Rismala menambahkan, orang terdekat seperti keluarga juga dapat berperan dalam menurunkan kecemasan anak pascaoperasi. Bentuk dukungan itu dapat dilakukan dengan bercerita, memberikan rasa nyaman, atau melakukan terapi pijat.

Mengapa nyeri pascaoperasi bisa sangat hebat

Menurut Rismala, operasi besar umumnya menimbulkan nyeri hebat akibat rangsangan terhadap reseptor nyeri di perifer dan serabut nyeri sensoris (nosisepsi), termasuk di permukaan kulit dan jaringan.

Karena itu, pada beberapa hari pertama pascaoperasi, pasien hampir selalu memerlukan obat pereda nyeri. Ia menjelaskan obat pereda nyeri yang digunakan bervariasi, mulai dari yang paling ringan seperti parasetamol hingga yang paling kuat seperti opioid.

“Penggunaannya tergantung rasa nyeri yang timbul dari ringan sampai berat. Opioid bekerja di reseptor opioid di sistem saraf perifer dan sentral yang menyebabkan penurunan persepsi nyeri,” ujarnya.

Terapi nonfarmakologi ikut dipertimbangkan

Rismala menyebut rasa nyeri juga dapat dipengaruhi berbagai faktor, antara lain kognitif, perilaku, emosional, dan psikososial.

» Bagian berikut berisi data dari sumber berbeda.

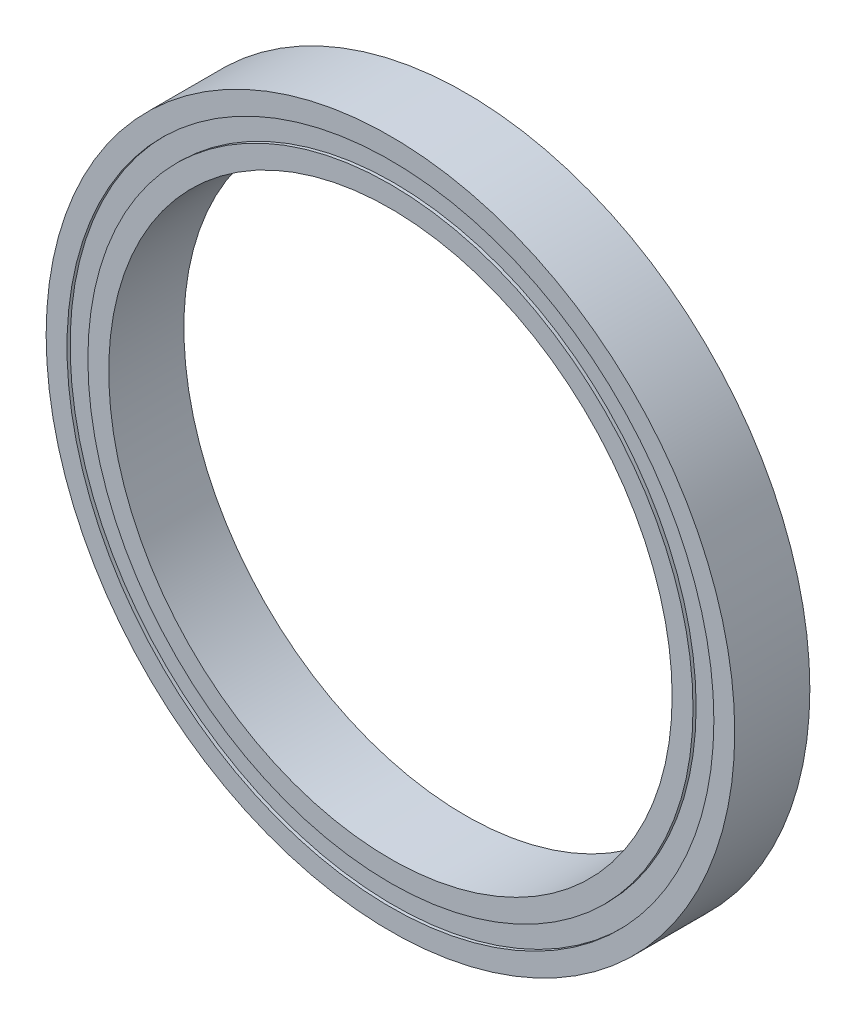
ISO-10303-21;
HEADER;
FILE_DESCRIPTION(('STEP AP214'),'2;1');
FILE_NAME('part.step','',(''),(''),'','','');
FILE_SCHEMA(('AUTOMOTIVE_DESIGN { 1 0 10303 214 1 1 1 1 }'));
ENDSEC;
DATA;
#1=APPLICATION_CONTEXT('core data for automotive mechanical design processes');
#2=APPLICATION_PROTOCOL_DEFINITION('international standard','automotive_design',2000,#1);
#3=PRODUCT_CONTEXT('',#1,'mechanical');
#4=PRODUCT('Part','Part','',(#3));
#5=PRODUCT_RELATED_PRODUCT_CATEGORY('part','',(#4));
#6=PRODUCT_DEFINITION_FORMATION('','',#4);
#7=PRODUCT_DEFINITION_CONTEXT('part definition',#1,'design');
#8=PRODUCT_DEFINITION('design','',#6,#7);
#9=PRODUCT_DEFINITION_SHAPE('','',#8);
#10=(LENGTH_UNIT() NAMED_UNIT(*) SI_UNIT(.MILLI.,.METRE.));
#11=(NAMED_UNIT(*) PLANE_ANGLE_UNIT() SI_UNIT($,.RADIAN.));
#12=(NAMED_UNIT(*) SI_UNIT($,.STERADIAN.) SOLID_ANGLE_UNIT());
#13=UNCERTAINTY_MEASURE_WITH_UNIT(LENGTH_MEASURE(1.E-05),#10,'distance_accuracy_value','');
#14=(GEOMETRIC_REPRESENTATION_CONTEXT(3) GLOBAL_UNCERTAINTY_ASSIGNED_CONTEXT((#13)) GLOBAL_UNIT_ASSIGNED_CONTEXT((#10,
#11,#12)) REPRESENTATION_CONTEXT('',''));
#15=CARTESIAN_POINT('',(0.,0.,0.));
#16=DIRECTION('',(0.,0.,1.));
#17=DIRECTION('',(1.,0.,0.));
#18=AXIS2_PLACEMENT_3D('',#15,#16,#17);
#19=CARTESIAN_POINT('',(0.,0.,3.));
#20=DIRECTION('',(0.,0.,-1.));
#21=DIRECTION('',(1.,0.,0.));
#22=AXIS2_PLACEMENT_3D('',#19,#20,#21);
#23=CYLINDRICAL_SURFACE('',#22,24.1666666666667);
#24=CARTESIAN_POINT('',(0.,0.,3.));
#25=DIRECTION('',(0.,0.,1.));
#26=DIRECTION('',(1.,0.,0.));
#27=AXIS2_PLACEMENT_3D('',#24,#25,#26);
#28=CIRCLE('',#27,24.1666666666667);
#29=CARTESIAN_POINT('',(24.1666666666667,0.,3.));
#30=VERTEX_POINT('',#29);
#31=EDGE_CURVE('E45',#30,#30,#28,.T.);
#32=ORIENTED_EDGE('',*,*,#31,.F.);
#33=EDGE_LOOP('',(#32));
#34=FACE_BOUND('',#33,.T.);
#35=CARTESIAN_POINT('',(0.,0.,2.75));
#36=DIRECTION('',(0.,0.,1.));
#37=DIRECTION('',(1.,0.,0.));
#38=AXIS2_PLACEMENT_3D('',#35,#36,#37);
#39=CIRCLE('',#38,24.1666666666667);
#40=CARTESIAN_POINT('',(24.1666666666667,0.,2.75));
#41=VERTEX_POINT('',#40);
#42=EDGE_CURVE('E64',#41,#41,#39,.T.);
#43=ORIENTED_EDGE('',*,*,#42,.T.);
#44=EDGE_LOOP('',(#43));
#45=FACE_BOUND('',#44,.T.);
#46=ADVANCED_FACE('F38',(#34,#45),#23,.T.);
#47=CARTESIAN_POINT('',(0.,0.,3.));
#48=DIRECTION('',(0.,0.,-1.));
#49=DIRECTION('',(1.,0.,0.));
#50=AXIS2_PLACEMENT_3D('',#47,#48,#49);
#51=CYLINDRICAL_SURFACE('',#50,22.5);
#52=CARTESIAN_POINT('',(0.,0.,3.));
#53=DIRECTION('',(0.,0.,1.));
#54=DIRECTION('',(1.,0.,0.));
#55=AXIS2_PLACEMENT_3D('',#52,#53,#54);
#56=CIRCLE('',#55,22.5);
#57=CARTESIAN_POINT('',(22.5,0.,3.));
#58=VERTEX_POINT('',#57);
#59=EDGE_CURVE('E49',#58,#58,#56,.T.);
#60=ORIENTED_EDGE('',*,*,#59,.T.);
#61=EDGE_LOOP('',(#60));
#62=FACE_BOUND('',#61,.T.);
#63=CARTESIAN_POINT('',(0.,0.,-3.));
#64=DIRECTION('',(0.,0.,1.));
#65=DIRECTION('',(1.,0.,0.));
#66=AXIS2_PLACEMENT_3D('',#63,#64,#65);
#67=CIRCLE('',#66,22.5);
#68=CARTESIAN_POINT('',(22.5,0.,-3.));
#69=VERTEX_POINT('',#68);
#70=EDGE_CURVE('E58',#69,#69,#67,.T.);
#71=ORIENTED_EDGE('',*,*,#70,.F.);
#72=EDGE_LOOP('',(#71));
#73=FACE_BOUND('',#72,.T.);
#74=ADVANCED_FACE('F40',(#62,#73),#51,.F.);
#75=CARTESIAN_POINT('',(0.,0.,-2.75));
#76=DIRECTION('',(0.,0.,1.));
#77=DIRECTION('',(1.,0.,0.));
#78=AXIS2_PLACEMENT_3D('',#75,#76,#77);
#79=CIRCLE('',#78,24.1666666666667);
#80=CARTESIAN_POINT('',(24.1666666666667,0.,-2.75));
#81=VERTEX_POINT('',#80);
#82=EDGE_CURVE('E10',#81,#81,#79,.F.);
#83=ORIENTED_EDGE('',*,*,#82,.T.);
#84=EDGE_LOOP('',(#83));
#85=FACE_BOUND('',#84,.T.);
#86=CARTESIAN_POINT('',(0.,0.,-3.));
#87=DIRECTION('',(0.,0.,1.));
#88=DIRECTION('',(1.,0.,0.));
#89=AXIS2_PLACEMENT_3D('',#86,#87,#88);
#90=CIRCLE('',#89,24.1666666666667);
#91=CARTESIAN_POINT('',(24.1666666666667,0.,-3.));
#92=VERTEX_POINT('',#91);
#93=EDGE_CURVE('E53',#92,#92,#90,.T.);
#94=ORIENTED_EDGE('',*,*,#93,.T.);
#95=EDGE_LOOP('',(#94));
#96=FACE_BOUND('',#95,.T.);
#97=ADVANCED_FACE('F104',(#85,#96),#23,.T.);
#98=CARTESIAN_POINT('',(0.,0.,3.));
#99=DIRECTION('',(0.,0.,-1.));
#100=DIRECTION('',(1.,0.,0.));
#101=AXIS2_PLACEMENT_3D('',#98,#99,#100);
#102=PLANE('',#101);
#103=ORIENTED_EDGE('',*,*,#59,.F.);
#104=EDGE_LOOP('',(#103));
#105=FACE_BOUND('',#104,.T.);
#106=ORIENTED_EDGE('',*,*,#31,.T.);
#107=EDGE_LOOP('',(#106));
#108=FACE_BOUND('',#107,.T.);
#109=ADVANCED_FACE('F112',(#105,#108),#102,.F.);
#110=CARTESIAN_POINT('',(0.,0.,-3.));
#111=DIRECTION('',(0.,0.,-1.));
#112=DIRECTION('',(1.,0.,0.));
#113=AXIS2_PLACEMENT_3D('',#110,#111,#112);
#114=PLANE('',#113);
#115=ORIENTED_EDGE('',*,*,#70,.T.);
#116=EDGE_LOOP('',(#115));
#117=FACE_BOUND('',#116,.T.);
#118=ORIENTED_EDGE('',*,*,#93,.F.);
#119=EDGE_LOOP('',(#118));
#120=FACE_BOUND('',#119,.T.);
#121=ADVANCED_FACE('F116',(#117,#120),#114,.T.);
#122=CARTESIAN_POINT('',(0.,0.,2.75));
#123=DIRECTION('',(0.,0.,-1.));
#124=DIRECTION('',(1.,0.,0.));
#125=AXIS2_PLACEMENT_3D('',#122,#123,#124);
#126=PLANE('',#125);
#127=ORIENTED_EDGE('',*,*,#42,.F.);
#128=EDGE_LOOP('',(#127));
#129=FACE_BOUND('',#128,.T.);
#130=CARTESIAN_POINT('',(0.,0.,2.75));
#131=DIRECTION('',(0.,0.,1.));
#132=DIRECTION('',(1.,0.,0.));
#133=AXIS2_PLACEMENT_3D('',#130,#131,#132);
#134=CIRCLE('',#133,25.8333333333333);
#135=CARTESIAN_POINT('',(25.8333333333333,0.,2.75));
#136=VERTEX_POINT('',#135);
#137=EDGE_CURVE('E61',#136,#136,#134,.T.);
#138=ORIENTED_EDGE('',*,*,#137,.T.);
#139=EDGE_LOOP('',(#138));
#140=FACE_BOUND('',#139,.T.);
#141=ADVANCED_FACE('F122',(#129,#140),#126,.F.);
#142=CARTESIAN_POINT('',(0.,0.,-2.75));
#143=DIRECTION('',(0.,0.,-1.));
#144=DIRECTION('',(1.,0.,0.));
#145=AXIS2_PLACEMENT_3D('',#142,#143,#144);
#146=PLANE('',#145);
#147=ORIENTED_EDGE('',*,*,#82,.F.);
#148=EDGE_LOOP('',(#147));
#149=FACE_BOUND('',#148,.T.);
#150=CARTESIAN_POINT('',(0.,0.,-2.75));
#151=DIRECTION('',(0.,0.,1.));
#152=DIRECTION('',(1.,0.,0.));
#153=AXIS2_PLACEMENT_3D('',#150,#151,#152);
#154=CIRCLE('',#153,25.8333333333333);
#155=CARTESIAN_POINT('',(25.8333333333333,0.,-2.75));
#156=VERTEX_POINT('',#155);
#157=EDGE_CURVE('E67',#156,#156,#154,.T.);
#158=ORIENTED_EDGE('',*,*,#157,.F.);
#159=EDGE_LOOP('',(#158));
#160=FACE_BOUND('',#159,.T.);
#161=ADVANCED_FACE('F99',(#149,#160),#146,.T.);
#162=CARTESIAN_POINT('',(0.,0.,3.));
#163=DIRECTION('',(0.,0.,-1.));
#164=DIRECTION('',(1.,0.,0.));
#165=AXIS2_PLACEMENT_3D('',#162,#163,#164);
#166=CYLINDRICAL_SURFACE('',#165,25.8333333333333);
#167=CARTESIAN_POINT('',(0.,0.,3.));
#168=DIRECTION('',(0.,0.,1.));
#169=DIRECTION('',(1.,0.,0.));
#170=AXIS2_PLACEMENT_3D('',#167,#168,#169);
#171=CIRCLE('',#170,25.8333333333333);
#172=CARTESIAN_POINT('',(25.8333333333333,0.,3.));
#173=VERTEX_POINT('',#172);
#174=EDGE_CURVE('E73',#173,#173,#171,.T.);
#175=ORIENTED_EDGE('',*,*,#174,.T.);
#176=EDGE_LOOP('',(#175));
#177=FACE_BOUND('',#176,.T.);
#178=ORIENTED_EDGE('',*,*,#137,.F.);
#179=EDGE_LOOP('',(#178));
#180=FACE_BOUND('',#179,.T.);
#181=ADVANCED_FACE('F89',(#177,#180),#166,.F.);
#182=ORIENTED_EDGE('',*,*,#157,.T.);
#183=EDGE_LOOP('',(#182));
#184=FACE_BOUND('',#183,.T.);
#185=CARTESIAN_POINT('',(0.,0.,-3.));
#186=DIRECTION('',(0.,0.,1.));
#187=DIRECTION('',(1.,0.,0.));
#188=AXIS2_PLACEMENT_3D('',#185,#186,#187);
#189=CIRCLE('',#188,25.8333333333333);
#190=CARTESIAN_POINT('',(25.8333333333333,0.,-3.));
#191=VERTEX_POINT('',#190);
#192=EDGE_CURVE('E79',#191,#191,#189,.T.);
#193=ORIENTED_EDGE('',*,*,#192,.F.);
#194=EDGE_LOOP('',(#193));
#195=FACE_BOUND('',#194,.T.);
#196=ADVANCED_FACE('F86',(#184,#195),#166,.F.);
#197=CARTESIAN_POINT('',(0.,0.,3.));
#198=DIRECTION('',(0.,0.,-1.));
#199=DIRECTION('',(1.,0.,0.));
#200=AXIS2_PLACEMENT_3D('',#197,#198,#199);
#201=CYLINDRICAL_SURFACE('',#200,27.5);
#202=CARTESIAN_POINT('',(0.,0.,3.));
#203=DIRECTION('',(0.,0.,1.));
#204=DIRECTION('',(1.,0.,0.));
#205=AXIS2_PLACEMENT_3D('',#202,#203,#204);
#206=CIRCLE('',#205,27.5);
#207=CARTESIAN_POINT('',(27.5,0.,3.));
#208=VERTEX_POINT('',#207);
#209=EDGE_CURVE('E70',#208,#208,#206,.T.);
#210=ORIENTED_EDGE('',*,*,#209,.F.);
#211=EDGE_LOOP('',(#210));
#212=FACE_BOUND('',#211,.T.);
#213=CARTESIAN_POINT('',(0.,0.,-3.));
#214=DIRECTION('',(0.,0.,1.));
#215=DIRECTION('',(1.,0.,0.));
#216=AXIS2_PLACEMENT_3D('',#213,#214,#215);
#217=CIRCLE('',#216,27.5);
#218=CARTESIAN_POINT('',(27.5,0.,-3.));
#219=VERTEX_POINT('',#218);
#220=EDGE_CURVE('E76',#219,#219,#217,.T.);
#221=ORIENTED_EDGE('',*,*,#220,.T.);
#222=EDGE_LOOP('',(#221));
#223=FACE_BOUND('',#222,.T.);
#224=ADVANCED_FACE('F88',(#212,#223),#201,.T.);
#225=CARTESIAN_POINT('',(0.,0.,3.));
#226=DIRECTION('',(0.,0.,-1.));
#227=DIRECTION('',(1.,0.,0.));
#228=AXIS2_PLACEMENT_3D('',#225,#226,#227);
#229=PLANE('',#228);
#230=ORIENTED_EDGE('',*,*,#174,.F.);
#231=EDGE_LOOP('',(#230));
#232=FACE_BOUND('',#231,.T.);
#233=ORIENTED_EDGE('',*,*,#209,.T.);
#234=EDGE_LOOP('',(#233));
#235=FACE_BOUND('',#234,.T.);
#236=ADVANCED_FACE('F96',(#232,#235),#229,.F.);
#237=CARTESIAN_POINT('',(0.,0.,-3.));
#238=DIRECTION('',(0.,0.,-1.));
#239=DIRECTION('',(1.,0.,0.));
#240=AXIS2_PLACEMENT_3D('',#237,#238,#239);
#241=PLANE('',#240);
#242=ORIENTED_EDGE('',*,*,#192,.T.);
#243=EDGE_LOOP('',(#242));
#244=FACE_BOUND('',#243,.T.);
#245=ORIENTED_EDGE('',*,*,#220,.F.);
#246=EDGE_LOOP('',(#245));
#247=FACE_BOUND('',#246,.T.);
#248=ADVANCED_FACE('F83',(#244,#247),#241,.T.);
#249=CLOSED_SHELL('',(#46,#74,#97,#109,#121,#141,#161,#181,#196,#224,#236,#248));
#250=MANIFOLD_SOLID_BREP('B2',#249);
#251=ADVANCED_BREP_SHAPE_REPRESENTATION('',(#18,#250),#14);
#252=SHAPE_DEFINITION_REPRESENTATION(#9,#251);
ENDSEC;
END-ISO-10303-21;

Karena itu, penanganan nyeri tidak hanya mengandalkan obat, tetapi juga mencakup terapi nonfarmakologi seperti terapi pijat dan musik.

Studi: lagu populer dan bercerita dinilai membantu

Temuan serupa juga disampaikan dalam studi terbaru dari Northwestern Medicine. Dalam studi tersebut, peneliti menemukan pasien anak yang mendengarkan lagu-lagu penyanyi seperti Rihanna dan Taylor Swift selama 30 menit melaporkan penurunan rasa sakit pascaoperasi secara signifikan.

Profesor anestesiologi dan pediatrik dari Northwestern University Feinberg School of Medicine, Dr. Santhanam Suresh, menyebut terapi audio sebagai langkah yang patut dipertimbangkan rumah sakit untuk membantu meminimalkan rasa sakit anak setelah operasi besar.

Studi itu juga menunjukkan terapi bercerita dapat mengurangi rasa sakit anak pascaoperasi secara signifikan. Suresh meyakini terapi audio dapat membantu menghalangi jalur sekunder dalam korteks prefrontal yang membawa memori rasa sakit. Ia juga menilai membiarkan pasien memilih musik dan cerita yang disukai merupakan bagian dari perawatan.

Catatan terkait penggunaan opioid

Suresh menambahkan, penggunaan opioid yang umumnya dipakai untuk mengontrol nyeri pascaoperasi dapat menimbulkan masalah pernapasan pada anak. Karena itu, dokter atau perawat biasanya membatasi asupan opioid, yang dapat membuat kontrol nyeri pascaoperasi tidak selalu optimal.

  • Nyeri pascaoperasi pada anak sering kali memerlukan kombinasi obat dan terapi nonobat.
  • Terapi musik, bercerita, dan dukungan keluarga disebut dapat membantu mengurangi kecemasan yang berpengaruh pada nyeri.
  • Penggunaan opioid perlu dipantau karena berisiko menimbulkan masalah pernapasan pada anak.